> **WHAT THIS TASK INVOLVES**: Starting at the line that contains "120.9v15.5l-1.5 34.8-.8 .5M74.9", restate each line word for word through the final line of the data, keeping both ends.

Stored items:
▬▬▬

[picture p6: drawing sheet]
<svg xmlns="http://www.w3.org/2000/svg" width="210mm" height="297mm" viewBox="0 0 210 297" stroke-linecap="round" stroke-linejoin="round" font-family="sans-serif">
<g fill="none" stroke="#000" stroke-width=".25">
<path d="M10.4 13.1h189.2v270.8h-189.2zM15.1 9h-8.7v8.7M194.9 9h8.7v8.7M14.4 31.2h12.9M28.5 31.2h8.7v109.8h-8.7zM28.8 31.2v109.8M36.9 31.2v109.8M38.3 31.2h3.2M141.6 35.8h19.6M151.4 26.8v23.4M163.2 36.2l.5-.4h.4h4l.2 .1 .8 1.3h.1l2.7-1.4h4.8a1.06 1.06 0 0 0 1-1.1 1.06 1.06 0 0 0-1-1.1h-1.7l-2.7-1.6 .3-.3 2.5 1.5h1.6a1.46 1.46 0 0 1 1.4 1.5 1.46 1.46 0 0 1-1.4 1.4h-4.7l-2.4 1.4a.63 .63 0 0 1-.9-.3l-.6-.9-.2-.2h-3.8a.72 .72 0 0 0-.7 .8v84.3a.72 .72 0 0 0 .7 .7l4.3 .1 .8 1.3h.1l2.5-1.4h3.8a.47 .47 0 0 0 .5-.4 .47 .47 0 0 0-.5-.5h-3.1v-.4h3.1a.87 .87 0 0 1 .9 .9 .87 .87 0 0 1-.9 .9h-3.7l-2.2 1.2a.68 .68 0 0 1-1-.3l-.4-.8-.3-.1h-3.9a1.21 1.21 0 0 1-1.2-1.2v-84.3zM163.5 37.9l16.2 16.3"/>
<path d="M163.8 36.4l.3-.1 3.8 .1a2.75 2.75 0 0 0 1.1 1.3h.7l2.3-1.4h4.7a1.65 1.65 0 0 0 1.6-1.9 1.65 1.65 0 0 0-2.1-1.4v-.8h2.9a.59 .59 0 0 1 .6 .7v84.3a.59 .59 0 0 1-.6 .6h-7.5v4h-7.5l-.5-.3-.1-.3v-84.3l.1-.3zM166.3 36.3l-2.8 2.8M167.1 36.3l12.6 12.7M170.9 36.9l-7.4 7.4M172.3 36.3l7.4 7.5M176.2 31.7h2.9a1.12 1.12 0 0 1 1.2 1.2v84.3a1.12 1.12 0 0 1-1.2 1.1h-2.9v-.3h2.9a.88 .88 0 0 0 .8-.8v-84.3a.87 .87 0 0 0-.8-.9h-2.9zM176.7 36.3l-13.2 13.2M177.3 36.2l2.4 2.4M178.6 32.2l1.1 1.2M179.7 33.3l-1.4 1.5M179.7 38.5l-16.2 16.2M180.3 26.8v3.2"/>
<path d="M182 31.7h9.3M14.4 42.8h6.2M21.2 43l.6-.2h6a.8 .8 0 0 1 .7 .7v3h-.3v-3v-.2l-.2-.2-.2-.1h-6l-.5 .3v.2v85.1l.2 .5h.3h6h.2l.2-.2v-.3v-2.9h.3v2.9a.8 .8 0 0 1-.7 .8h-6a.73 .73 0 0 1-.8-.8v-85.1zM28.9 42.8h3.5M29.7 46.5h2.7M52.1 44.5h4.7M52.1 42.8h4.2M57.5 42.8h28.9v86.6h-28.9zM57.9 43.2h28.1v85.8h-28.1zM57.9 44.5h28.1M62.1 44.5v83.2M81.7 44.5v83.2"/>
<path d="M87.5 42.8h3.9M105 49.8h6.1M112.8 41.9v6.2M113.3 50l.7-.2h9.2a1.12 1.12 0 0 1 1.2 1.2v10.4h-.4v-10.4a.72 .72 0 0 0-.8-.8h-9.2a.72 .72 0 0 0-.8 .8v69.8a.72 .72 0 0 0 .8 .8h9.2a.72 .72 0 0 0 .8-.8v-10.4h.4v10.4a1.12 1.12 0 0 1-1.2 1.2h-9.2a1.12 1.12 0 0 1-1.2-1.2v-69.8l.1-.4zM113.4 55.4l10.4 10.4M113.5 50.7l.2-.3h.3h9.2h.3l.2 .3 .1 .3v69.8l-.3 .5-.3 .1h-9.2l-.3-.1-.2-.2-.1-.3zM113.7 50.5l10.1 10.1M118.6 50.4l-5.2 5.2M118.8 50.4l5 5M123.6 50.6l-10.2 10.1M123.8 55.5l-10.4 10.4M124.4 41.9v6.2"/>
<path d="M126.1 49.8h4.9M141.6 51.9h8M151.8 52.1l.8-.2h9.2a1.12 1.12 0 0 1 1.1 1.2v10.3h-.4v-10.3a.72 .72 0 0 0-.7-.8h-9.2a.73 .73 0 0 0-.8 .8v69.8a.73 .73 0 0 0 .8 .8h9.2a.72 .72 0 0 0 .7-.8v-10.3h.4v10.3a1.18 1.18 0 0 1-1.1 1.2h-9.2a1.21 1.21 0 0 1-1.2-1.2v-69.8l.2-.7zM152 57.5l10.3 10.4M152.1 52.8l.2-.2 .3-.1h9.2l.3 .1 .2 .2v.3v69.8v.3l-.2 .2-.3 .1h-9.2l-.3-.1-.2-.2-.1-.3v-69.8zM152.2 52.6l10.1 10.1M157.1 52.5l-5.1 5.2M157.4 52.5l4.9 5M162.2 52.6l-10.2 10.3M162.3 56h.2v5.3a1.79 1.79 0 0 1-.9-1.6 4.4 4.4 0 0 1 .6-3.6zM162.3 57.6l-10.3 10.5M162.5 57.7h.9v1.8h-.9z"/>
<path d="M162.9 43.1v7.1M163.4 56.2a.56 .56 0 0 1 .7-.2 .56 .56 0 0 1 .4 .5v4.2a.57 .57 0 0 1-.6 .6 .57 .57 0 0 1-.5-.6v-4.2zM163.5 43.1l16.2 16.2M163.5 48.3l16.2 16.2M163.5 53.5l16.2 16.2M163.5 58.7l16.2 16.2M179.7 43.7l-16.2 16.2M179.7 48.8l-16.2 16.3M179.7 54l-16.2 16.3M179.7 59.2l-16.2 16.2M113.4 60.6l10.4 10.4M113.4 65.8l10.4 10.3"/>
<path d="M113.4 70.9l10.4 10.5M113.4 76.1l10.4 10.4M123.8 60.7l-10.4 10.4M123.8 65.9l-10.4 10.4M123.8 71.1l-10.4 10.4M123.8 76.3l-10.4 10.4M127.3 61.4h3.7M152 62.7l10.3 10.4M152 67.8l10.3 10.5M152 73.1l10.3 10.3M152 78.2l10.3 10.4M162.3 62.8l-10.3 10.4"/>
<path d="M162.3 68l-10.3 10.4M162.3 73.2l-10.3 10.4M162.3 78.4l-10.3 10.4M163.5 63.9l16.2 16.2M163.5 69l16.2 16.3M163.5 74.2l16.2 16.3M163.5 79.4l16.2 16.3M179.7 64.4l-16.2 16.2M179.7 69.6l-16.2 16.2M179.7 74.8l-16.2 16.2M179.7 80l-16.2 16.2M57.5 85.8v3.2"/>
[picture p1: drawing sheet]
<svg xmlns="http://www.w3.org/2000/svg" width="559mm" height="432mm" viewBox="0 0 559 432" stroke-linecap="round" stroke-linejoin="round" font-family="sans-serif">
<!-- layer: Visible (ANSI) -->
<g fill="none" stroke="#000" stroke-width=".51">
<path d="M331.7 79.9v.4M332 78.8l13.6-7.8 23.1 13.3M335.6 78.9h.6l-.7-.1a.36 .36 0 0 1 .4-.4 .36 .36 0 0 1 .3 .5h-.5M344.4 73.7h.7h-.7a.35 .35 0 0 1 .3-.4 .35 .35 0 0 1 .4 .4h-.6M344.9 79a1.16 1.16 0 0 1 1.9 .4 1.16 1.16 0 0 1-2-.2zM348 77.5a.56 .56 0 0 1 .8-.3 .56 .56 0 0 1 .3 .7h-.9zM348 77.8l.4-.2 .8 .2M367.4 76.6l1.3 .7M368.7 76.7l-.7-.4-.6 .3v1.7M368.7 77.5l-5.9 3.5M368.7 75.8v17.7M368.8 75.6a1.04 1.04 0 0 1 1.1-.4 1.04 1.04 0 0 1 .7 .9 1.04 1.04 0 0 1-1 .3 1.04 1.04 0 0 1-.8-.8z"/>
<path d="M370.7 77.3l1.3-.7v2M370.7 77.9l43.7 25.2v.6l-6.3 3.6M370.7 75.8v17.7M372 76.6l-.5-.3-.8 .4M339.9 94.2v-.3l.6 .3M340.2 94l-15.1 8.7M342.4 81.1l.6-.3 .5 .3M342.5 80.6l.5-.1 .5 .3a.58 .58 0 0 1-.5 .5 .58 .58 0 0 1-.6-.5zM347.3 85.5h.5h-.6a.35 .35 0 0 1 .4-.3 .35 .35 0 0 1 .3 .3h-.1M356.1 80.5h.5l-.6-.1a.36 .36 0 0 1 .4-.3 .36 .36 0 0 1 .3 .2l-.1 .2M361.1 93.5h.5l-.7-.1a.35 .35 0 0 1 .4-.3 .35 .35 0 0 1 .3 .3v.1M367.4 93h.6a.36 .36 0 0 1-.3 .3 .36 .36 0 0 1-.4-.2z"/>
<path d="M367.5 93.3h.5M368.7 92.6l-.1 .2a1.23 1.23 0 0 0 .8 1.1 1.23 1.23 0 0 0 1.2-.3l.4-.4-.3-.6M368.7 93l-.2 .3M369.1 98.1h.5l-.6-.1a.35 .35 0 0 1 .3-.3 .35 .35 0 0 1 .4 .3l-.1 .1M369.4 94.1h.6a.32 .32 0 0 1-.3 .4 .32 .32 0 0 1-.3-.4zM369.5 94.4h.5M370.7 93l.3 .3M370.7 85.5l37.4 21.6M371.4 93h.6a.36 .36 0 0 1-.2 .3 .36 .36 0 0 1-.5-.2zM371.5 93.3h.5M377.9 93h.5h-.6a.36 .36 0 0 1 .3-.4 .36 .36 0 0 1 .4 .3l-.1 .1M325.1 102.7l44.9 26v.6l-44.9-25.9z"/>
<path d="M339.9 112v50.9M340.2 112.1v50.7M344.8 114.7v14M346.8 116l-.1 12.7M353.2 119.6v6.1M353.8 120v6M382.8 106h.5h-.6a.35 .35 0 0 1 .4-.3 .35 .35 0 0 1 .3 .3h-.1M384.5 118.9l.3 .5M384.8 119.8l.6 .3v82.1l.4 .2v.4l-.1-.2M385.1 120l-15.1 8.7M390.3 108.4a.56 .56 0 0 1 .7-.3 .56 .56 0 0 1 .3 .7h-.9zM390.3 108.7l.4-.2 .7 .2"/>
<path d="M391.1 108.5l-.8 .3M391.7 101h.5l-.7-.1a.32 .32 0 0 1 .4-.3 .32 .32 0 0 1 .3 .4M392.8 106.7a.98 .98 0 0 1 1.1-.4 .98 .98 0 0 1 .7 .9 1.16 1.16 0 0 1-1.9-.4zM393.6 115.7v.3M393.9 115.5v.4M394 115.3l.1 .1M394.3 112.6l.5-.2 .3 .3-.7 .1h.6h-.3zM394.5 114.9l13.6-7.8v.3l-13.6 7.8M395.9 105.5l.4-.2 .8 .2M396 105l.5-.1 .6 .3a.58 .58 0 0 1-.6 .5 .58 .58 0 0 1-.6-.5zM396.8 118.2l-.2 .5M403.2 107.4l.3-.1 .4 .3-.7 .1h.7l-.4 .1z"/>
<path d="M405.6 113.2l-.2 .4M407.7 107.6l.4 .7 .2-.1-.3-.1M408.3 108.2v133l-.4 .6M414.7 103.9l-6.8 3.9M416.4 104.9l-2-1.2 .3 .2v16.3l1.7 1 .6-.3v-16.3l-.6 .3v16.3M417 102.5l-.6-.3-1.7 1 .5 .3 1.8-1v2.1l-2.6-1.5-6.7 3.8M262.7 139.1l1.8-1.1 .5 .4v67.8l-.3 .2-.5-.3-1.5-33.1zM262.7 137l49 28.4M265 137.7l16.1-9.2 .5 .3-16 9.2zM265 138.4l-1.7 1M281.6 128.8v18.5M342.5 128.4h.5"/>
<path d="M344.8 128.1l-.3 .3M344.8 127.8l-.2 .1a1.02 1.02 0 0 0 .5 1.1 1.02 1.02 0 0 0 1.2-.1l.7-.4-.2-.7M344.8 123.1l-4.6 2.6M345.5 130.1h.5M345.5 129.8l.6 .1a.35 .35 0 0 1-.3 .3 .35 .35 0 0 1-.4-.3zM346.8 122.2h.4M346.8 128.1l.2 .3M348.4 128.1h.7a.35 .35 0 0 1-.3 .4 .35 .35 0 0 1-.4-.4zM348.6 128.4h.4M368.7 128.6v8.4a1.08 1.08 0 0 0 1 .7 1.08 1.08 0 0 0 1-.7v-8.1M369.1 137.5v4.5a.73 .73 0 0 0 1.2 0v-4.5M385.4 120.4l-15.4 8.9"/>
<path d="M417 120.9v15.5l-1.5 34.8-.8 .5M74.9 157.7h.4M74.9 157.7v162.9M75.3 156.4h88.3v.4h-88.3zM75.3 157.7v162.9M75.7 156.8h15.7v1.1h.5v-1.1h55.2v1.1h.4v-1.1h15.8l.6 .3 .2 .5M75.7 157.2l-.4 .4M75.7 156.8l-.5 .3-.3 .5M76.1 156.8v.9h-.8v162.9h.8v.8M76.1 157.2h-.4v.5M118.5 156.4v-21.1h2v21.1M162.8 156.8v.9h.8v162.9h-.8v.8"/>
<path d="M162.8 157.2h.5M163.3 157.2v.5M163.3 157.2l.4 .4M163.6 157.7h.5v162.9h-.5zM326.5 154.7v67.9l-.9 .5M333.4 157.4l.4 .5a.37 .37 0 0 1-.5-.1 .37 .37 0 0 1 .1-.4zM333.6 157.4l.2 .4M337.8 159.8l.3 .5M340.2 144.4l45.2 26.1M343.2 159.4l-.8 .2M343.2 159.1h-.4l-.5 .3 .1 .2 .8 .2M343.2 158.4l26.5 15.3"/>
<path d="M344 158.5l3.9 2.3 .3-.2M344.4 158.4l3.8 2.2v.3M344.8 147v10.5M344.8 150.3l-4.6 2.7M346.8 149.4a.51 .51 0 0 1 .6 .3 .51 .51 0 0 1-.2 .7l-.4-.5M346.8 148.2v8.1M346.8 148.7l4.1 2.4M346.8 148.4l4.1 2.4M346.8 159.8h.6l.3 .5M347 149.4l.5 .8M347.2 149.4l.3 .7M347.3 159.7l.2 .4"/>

▬▬▬

> **SOLUTION TO THIS EXERCISE**:
<path d="M417 120.9v15.5l-1.5 34.8-.8 .5M74.9 157.7h.4M74.9 157.7v162.9M75.3 156.4h88.3v.4h-88.3zM75.3 157.7v162.9M75.7 156.8h15.7v1.1h.5v-1.1h55.2v1.1h.4v-1.1h15.8l.6 .3 .2 .5M75.7 157.2l-.4 .4M75.7 156.8l-.5 .3-.3 .5M76.1 156.8v.9h-.8v162.9h.8v.8M76.1 157.2h-.4v.5M118.5 156.4v-21.1h2v21.1M162.8 156.8v.9h.8v162.9h-.8v.8"/>
<path d="M162.8 157.2h.5M163.3 157.2v.5M163.3 157.2l.4 .4M163.6 157.7h.5v162.9h-.5zM326.5 154.7v67.9l-.9 .5M333.4 157.4l.4 .5a.37 .37 0 0 1-.5-.1 .37 .37 0 0 1 .1-.4zM333.6 157.4l.2 .4M337.8 159.8l.3 .5M340.2 144.4l45.2 26.1M343.2 159.4l-.8 .2M343.2 159.1h-.4l-.5 .3 .1 .2 .8 .2M343.2 158.4l26.5 15.3"/>
<path d="M344 158.5l3.9 2.3 .3-.2M344.4 158.4l3.8 2.2v.3M344.8 147v10.5M344.8 150.3l-4.6 2.7M346.8 149.4a.51 .51 0 0 1 .6 .3 .51 .51 0 0 1-.2 .7l-.4-.5M346.8 148.2v8.1M346.8 148.7l4.1 2.4M346.8 148.4l4.1 2.4M346.8 159.8h.6l.3 .5M347 149.4l.5 .8M347.2 149.4l.3 .7M347.3 159.7l.2 .4"/>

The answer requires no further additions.